Content starts

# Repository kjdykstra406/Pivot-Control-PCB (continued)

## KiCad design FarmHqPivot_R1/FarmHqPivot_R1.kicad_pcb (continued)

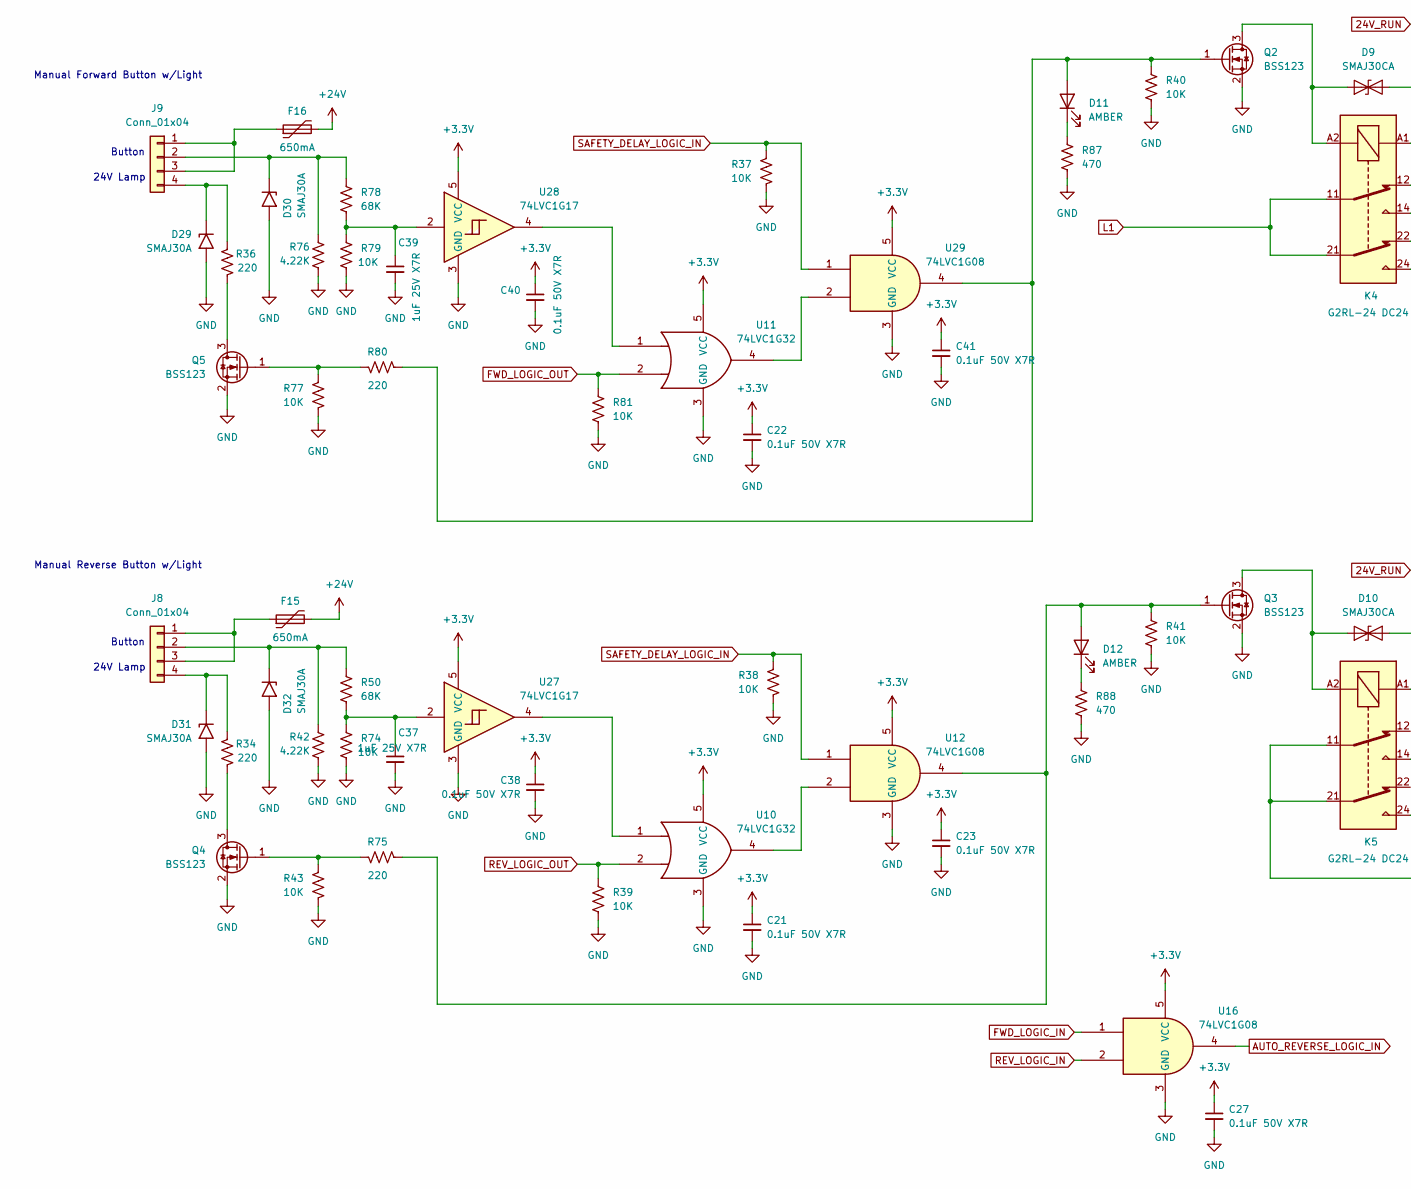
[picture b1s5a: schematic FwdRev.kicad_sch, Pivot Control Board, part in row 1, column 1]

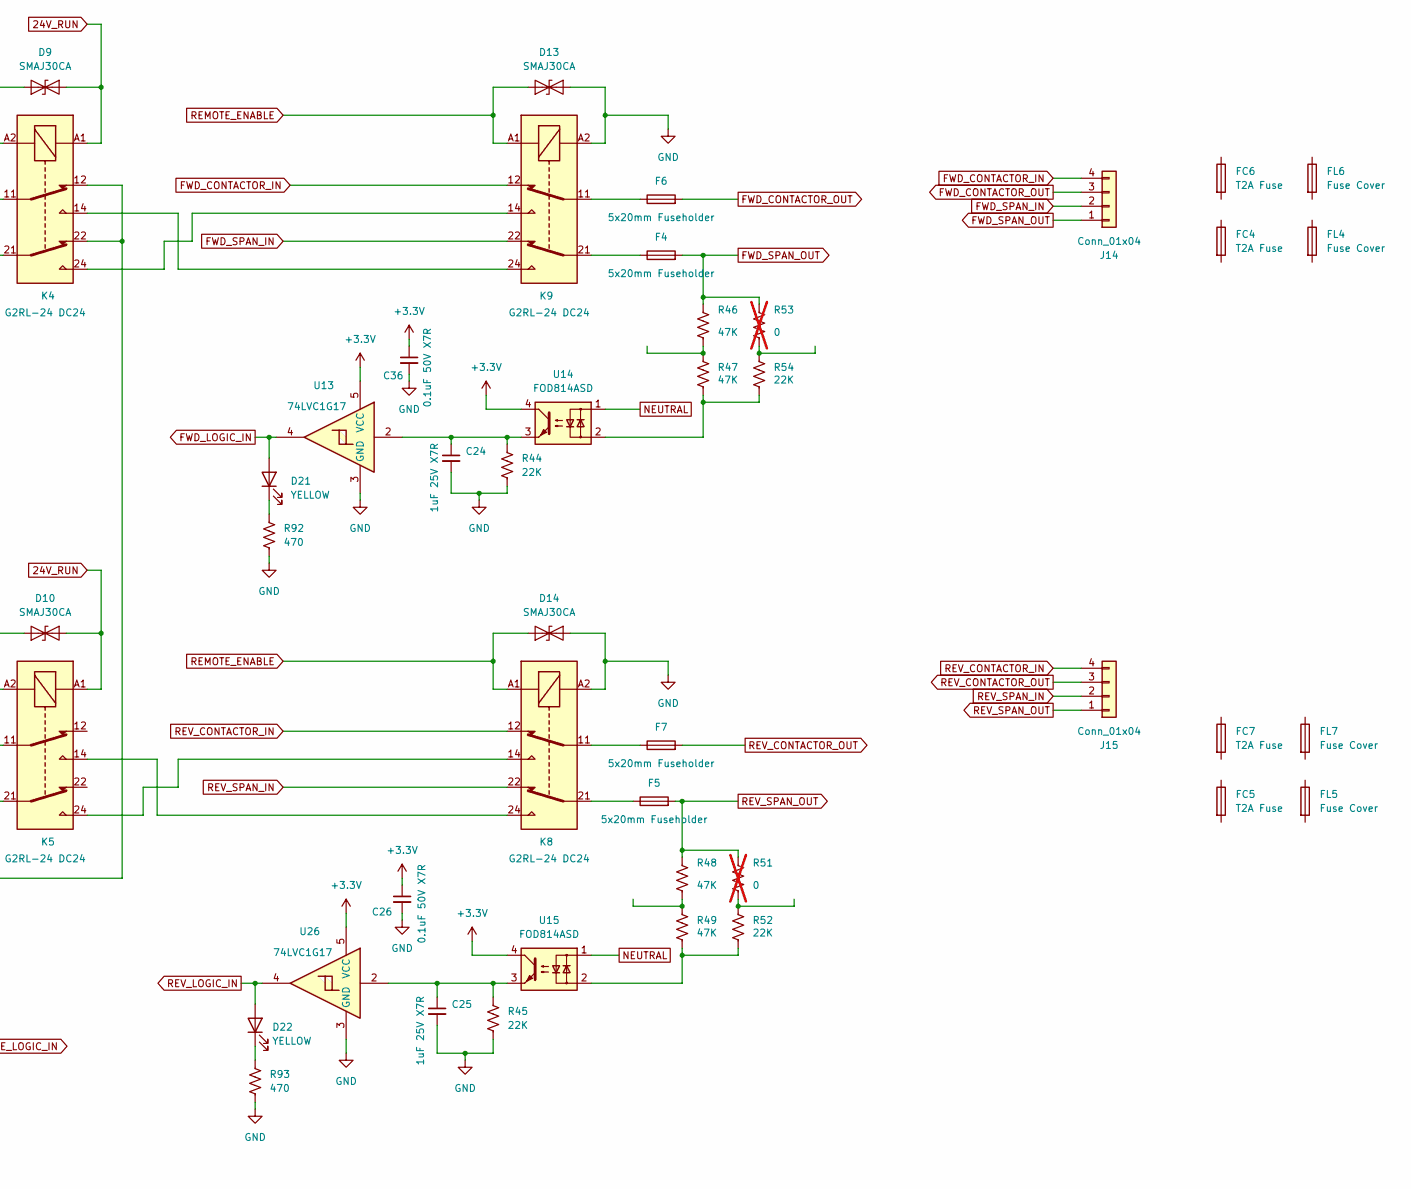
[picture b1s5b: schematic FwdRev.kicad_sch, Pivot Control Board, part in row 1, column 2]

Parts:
C21, C22, C23, C26, C27, C36, C38, C40, C41: 0.1uF 50V X7R; C_0603_1608Metric; Digikey 399-C0603C104K5RACTUDKR-ND
C24, C25, C37, C39: 1uF 25V X7R; C_0603_1608Metric; Digikey 399-C0603C105K3RACTUDKR-ND
D9, D10, D13, D14: SMAJ30CA; D_SMA; Manufacturer PN SMAJ30CA; Digikey SMAJ30CALFDKR-ND
D11, D12: AMBER; LED_0603_1608Metric; Manufacturer PN 5991030147F; Digikey 350-5991030147FDKR-ND
D21, D22: YELLOW; LED_0603_1608Metric; Manufacturer PN 5991040147F; Digikey 350-5991040147FDKR-ND
D29, D30, D31, D32: SMAJ30A; D_SMA; Manufacturer PN SMAJ30A; Digikey SMAJ30ALFDKR-ND
F4, F5, F6, F7: 5x20mm Fuseholder; 696105003002; Manufacturer PN 696105003002; Digikey 732-11373-ND
F15, F16: 650mA; Fuse_Bourns_MF-RHT100; Manufacturer PN MF-R065; Digikey MF-R065-ND
FC4, FC5, FC6, FC7: T2A Fuse; Manufacturer PN 5HT 2-R; Digikey 5923-5HT2-R-ND
FL4, FL5, FL6, FL7: Fuse Cover; Manufacturer PN 696122003001; Digikey 732-11379-ND
J8, J9: Conn_01x04; TerminalBlock_Phoenix_PT-1,5-4-3.5-H_1x04_P3.50mm_Horizontal; Manufacturer PN 1984633; Digikey 277-1860-ND
J14, J15: Conn_01x04; TerminalBlock_Phoenix_PT-1,5-4-5.0-H_1x04_P5.00mm_Horizontal; Manufacturer PN 1935187; Digikey 277-1579-ND
K4, K5, K8, K9: G2RL-24 DC24; Relay_DPDT_Finder_40.52; Manufacturer PN G2RL-24 DC24; Digikey Z148-ND
Q2, Q3, Q4, Q5: BSS123; SOT-23; Manufacturer PN BSS123; Digikey BSS123NDKR-ND
R34, R36: 220; R_1206_3216Metric; Digikey A130530DKR-ND
R37, R38, R39, R40, R41, R43, R74, R77, R79, R81: 10K; R_0603_1608Metric; Digikey 311-10KLDDKR-ND
R42, R76: 4.22K; R_2010_5025Metric; Digikey 541-4.22KACDKR-ND
R44, R45: 22K; R_0603_1608Metric; Digikey 13-RC0603FR-1322KLDKR-ND
R46, R47, R48, R49: 47K; R_2010_5025Metric; Digikey A130680DKR-ND
R50, R78: 68K; R_0603_1608Metric; Digikey 311-68.0KHRDKR-ND
R51, R53: 0; R_2010_5025Metric; Digikey YAG3380DKR-ND; not fitted
R52, R54: 22K; R_2512_6332Metric; Digikey YAG5925DKR-ND
R75, R80: 220; R_0603_1608Metric; Digikey 311-220HRDKR-ND
R87, R88, R92, R93: 470; R_0603_1608Metric; Digikey 311-470HRDKR-ND
U10, U11: 74LVC1G32; SOT-23-5; Manufacturer PN SN74LVC1G32QDBVRQ1; Digikey 296-24202-6-ND
U12, U16, U29: 74LVC1G08; SOT-23-5; Manufacturer PN SN74LVC1G08DBVR; Digikey 296-11601-6-ND
U13, U26, U27, U28: 74LVC1G17; SOT-23-5; Manufacturer PN SN74LVC1G17DBVR; Digikey 296-11933-6-ND
U14, U15: FOD814ASD; Manufacturer PN FOD814ASD; Digikey FOD814ASDDKR-ND

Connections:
24V_RUN: D9.2 (A2), D10.2 (A2), K4.A1, K5.A1; also elsewhere on the board
+3.3V: C21.1, C22.1, C23.1, C26.1, C27.1, C36.1, C38.1, C40.1, C41.1, U10.5 (VCC), U11.5 (VCC), U12.5 (VCC), U13.5 (VCC), U14.4, U15.4, U16.5 (VCC), U26.5 (VCC), U27.5 (VCC), U28.5 (VCC), U29.5 (VCC); also elsewhere on the board
+24V: F15.2, F16.2; also elsewhere on the board
AUTO_REVERSE_LOGIC_IN: U16.4; also elsewhere on the board
FWD_CONTACTOR_IN: J14.4, K9.12
FWD_CONTACTOR_OUT: F6.2, J14.3
FWD_LOGIC_IN: D21.2 (A), U13.4, U16.1; also elsewhere on the board
FWD_LOGIC_OUT: R81.1, U11.2; also elsewhere on the board
FWD_SPAN_IN: J14.2, K9.22
FWD_SPAN_OUT: F4.2, J14.1, R46.1, R53.1
GND: C21.2, C22.2, C23.2, C24.2, C25.2, C26.2, C27.2, C36.2, C37.2, C38.2, C39.2, C40.2, C41.2, D13.2 (A2), D14.2 (A2), D29.2 (A2), D30.2 (A2), D31.2 (A2), D32.2 (A2), K8.A2, K9.A2, Q2.2 (S), Q3.2 (S), Q4.2 (S), Q5.2 (S), R37.2, R38.2, R39.2, R40.2, R41.2, R42.2, R43.2, R44.2, R45.2, R74.2, R76.2, R77.2, R79.2, R81.2, R87.2, R88.2, R92.2, R93.2, U10.3 (GND), U11.3 (GND), U12.3 (GND), U13.3 (GND), U16.3 (GND), U26.3 (GND), U27.3 (GND), U28.3 (GND), U29.3 (GND); also elsewhere on the board
L1: K4.11, K4.21; also elsewhere on the board
NEUTRAL: U14.1, U15.1; also elsewhere on the board
unnamed: C24.1, R44.1, U13.2, U14.3
unnamed: C25.1, R45.1, U15.3, U26.2
unnamed: C37.1, R50.2, R74.1, U27.2
unnamed: C39.1, R78.2, R79.1, U28.2
unnamed: D9.1 (A1), K4.A2, Q2.3 (D)
unnamed: D10.1 (A1), K5.A2, Q3.3 (D)
unnamed: D11.2 (A), Q2.1 (G), R40.1, R80.2, U29.4
unnamed: D11.1 (K), R87.1
unnamed: D12.2 (A), Q3.1 (G), R41.1, R75.2, U12.4
unnamed: D12.1 (K), R88.1
unnamed: D21.1 (K), R92.1
unnamed: D22.1 (K), R93.1
unnamed: D29.1 (A1), J9.4, R36.1
unnamed: D30.1 (A1), J9.2, R76.1, R78.1
unnamed: D31.1 (A1), J8.4, R34.1
unnamed: D32.1 (A1), J8.2, R42.1, R50.1
unnamed: F4.1, K9.21
unnamed: F5.1, K8.21
unnamed: F6.1, K9.11
unnamed: F7.1, K8.11
unnamed: F15.1, J8.1, J8.3
unnamed: F16.1, J9.1, J9.3
unnamed: K4.12, K4.22, K5.11, K5.21
unnamed: K4.14, K9.24
unnamed: K4.24, K9.14
unnamed: K5.14, K8.24
unnamed: K5.24, K8.14
unnamed: Q4.3 (D), R34.2
unnamed: Q4.1 (G), R43.1, R75.1
unnamed: Q5.3 (D), R36.2
unnamed: Q5.1 (G), R77.1, R80.1
unnamed: R46.2, R47.1
unnamed: R47.2, R54.2, U14.2
unnamed: R48.2, R49.1
unnamed: R49.2, R52.2, U15.2
unnamed: R51.2, R52.1
unnamed: R53.2, R54.1
unnamed: U10.1, U27.4
unnamed: U10.4, U12.2
unnamed: U11.1, U28.4
unnamed: U11.4, U29.2
REMOTE_ENABLE: D13.1 (A1), D14.1 (A1), K8.A1, K9.A1; also elsewhere on the board
REV_CONTACTOR_IN: J15.4, K8.12
REV_CONTACTOR_OUT: F7.2, J15.3
REV_LOGIC_IN: D22.2 (A), U16.2, U26.4; also elsewhere on the board
REV_LOGIC_OUT: R39.1, U10.2; also elsewhere on the board
REV_SPAN_IN: J15.2, K8.22
REV_SPAN_OUT: F5.2, J15.1, R48.1, R51.1
SAFETY_DELAY_LOGIC_IN: R37.1, R38.1, U12.1, U29.1; also elsewhere on the board

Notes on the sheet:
24V Lamp
Manual Forward Button w/Light
Manual Reverse Button w/Light
Button

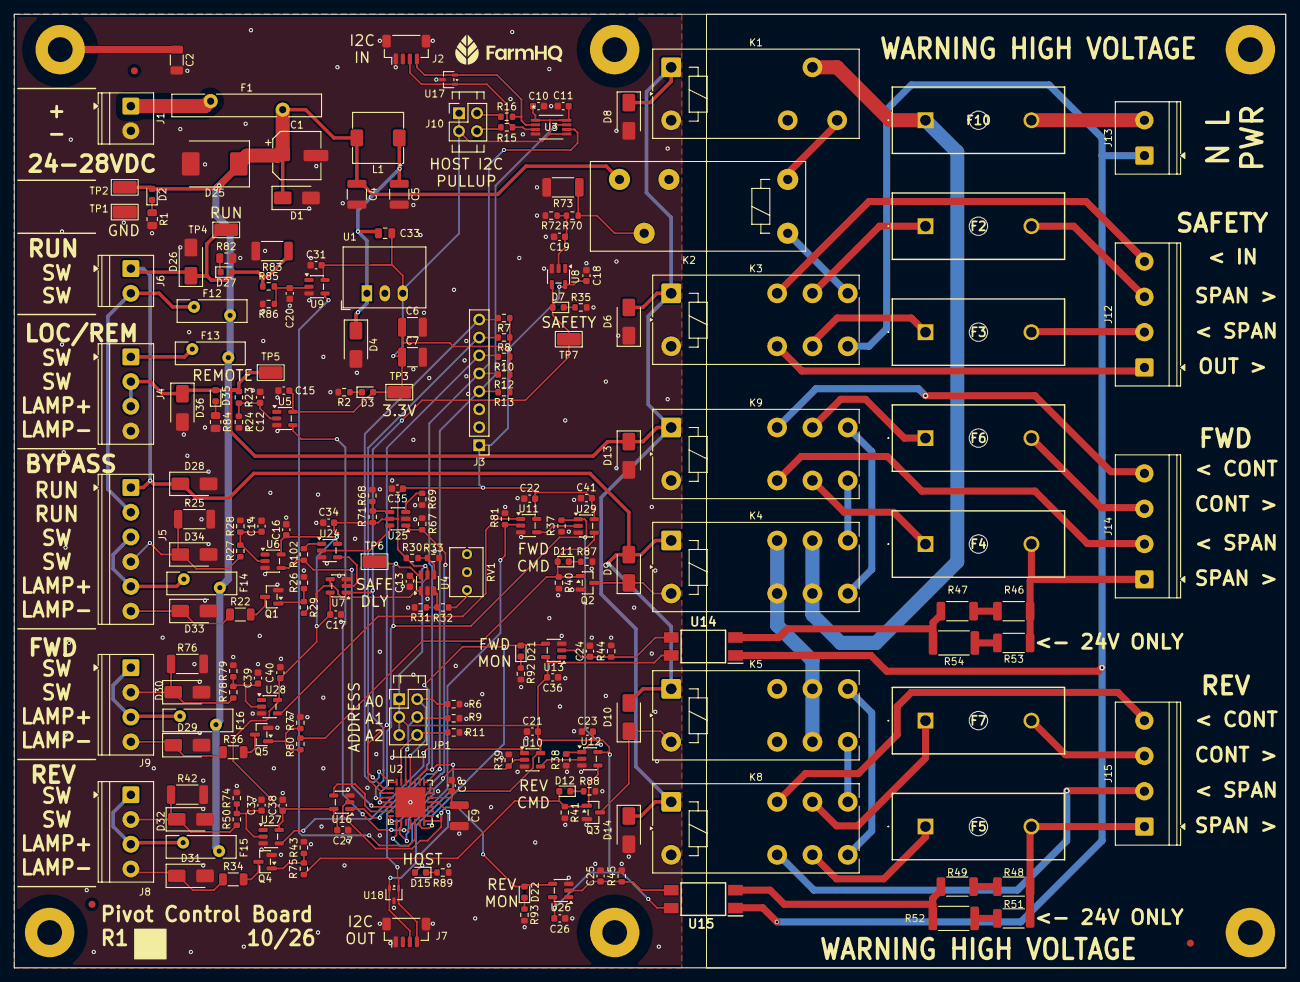
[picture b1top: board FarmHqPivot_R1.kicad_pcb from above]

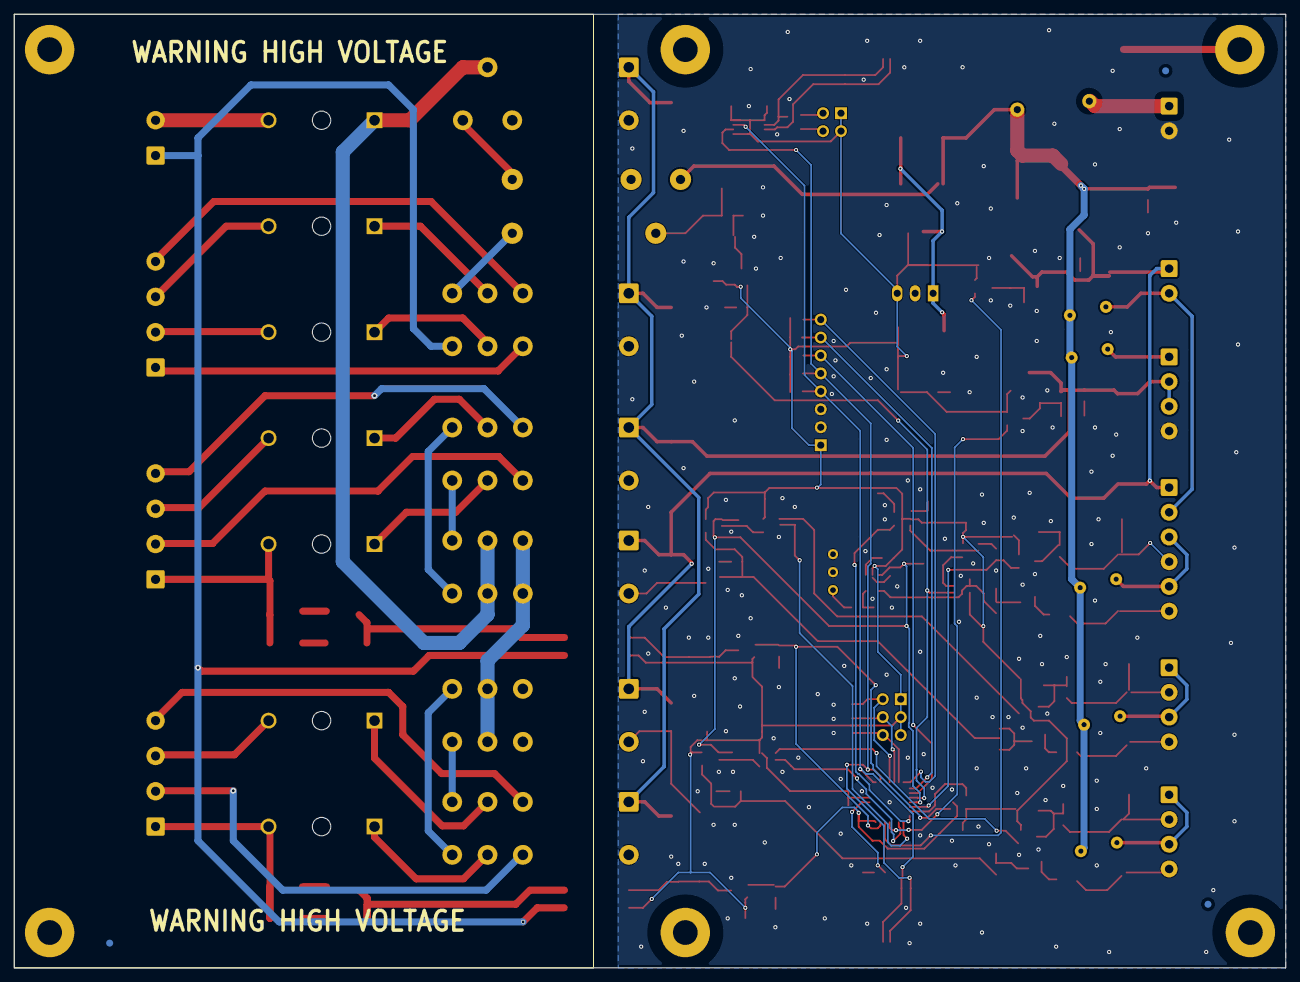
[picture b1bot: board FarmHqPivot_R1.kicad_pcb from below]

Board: 2 copper layers, 180.0 x 135.0 mm, 220 parts (3 on the bottom side), 119 nets.

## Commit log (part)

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2026-03-10 Update print statement from 'Hello' to 'Goodbye'
2026-03-11 Initial commit
    Added Controller and local remote
2026-03-17 Rough draft of PCB prototype

Content ends

## TASK REQUIREMENTS:
Pictures excluded, copy exactly the lines running from the one with "unnamed: U10.4, U12.2" through the last line of the material.

## YOUR SOLUTION:
unnamed: U10.4, U12.2
unnamed: U11.1, U28.4
unnamed: U11.4, U29.2
REMOTE_ENABLE: D13.1 (A1), D14.1 (A1), K8.A1, K9.A1; also elsewhere on the board
REV_CONTACTOR_IN: J15.4, K8.12
REV_CONTACTOR_OUT: F7.2, J15.3
REV_LOGIC_IN: D22.2 (A), U16.2, U26.4; also elsewhere on the board
REV_LOGIC_OUT: R39.1, U10.2; also elsewhere on the board
REV_SPAN_IN: J15.2, K8.22
REV_SPAN_OUT: F5.2, J15.1, R48.1, R51.1
SAFETY_DELAY_LOGIC_IN: R37.1, R38.1, U12.1, U29.1; also elsewhere on the board

Notes on the sheet:
24V Lamp
Manual Forward Button w/Light
Manual Reverse Button w/Light
Button

[picture b1top: board FarmHqPivot_R1.kicad_pcb from above]

[picture b1bot: board FarmHqPivot_R1.kicad_pcb from below]

Board: 2 copper layers, 180.0 x 135.0 mm, 220 parts (3 on the bottom side), 119 nets.

## Commit log (part)

2026-03-10 Update print statement from 'Hello' to 'Goodbye'
2026-03-11 Initial commit
    Added Controller and local remote
2026-03-17 Rough draft of PCB prototype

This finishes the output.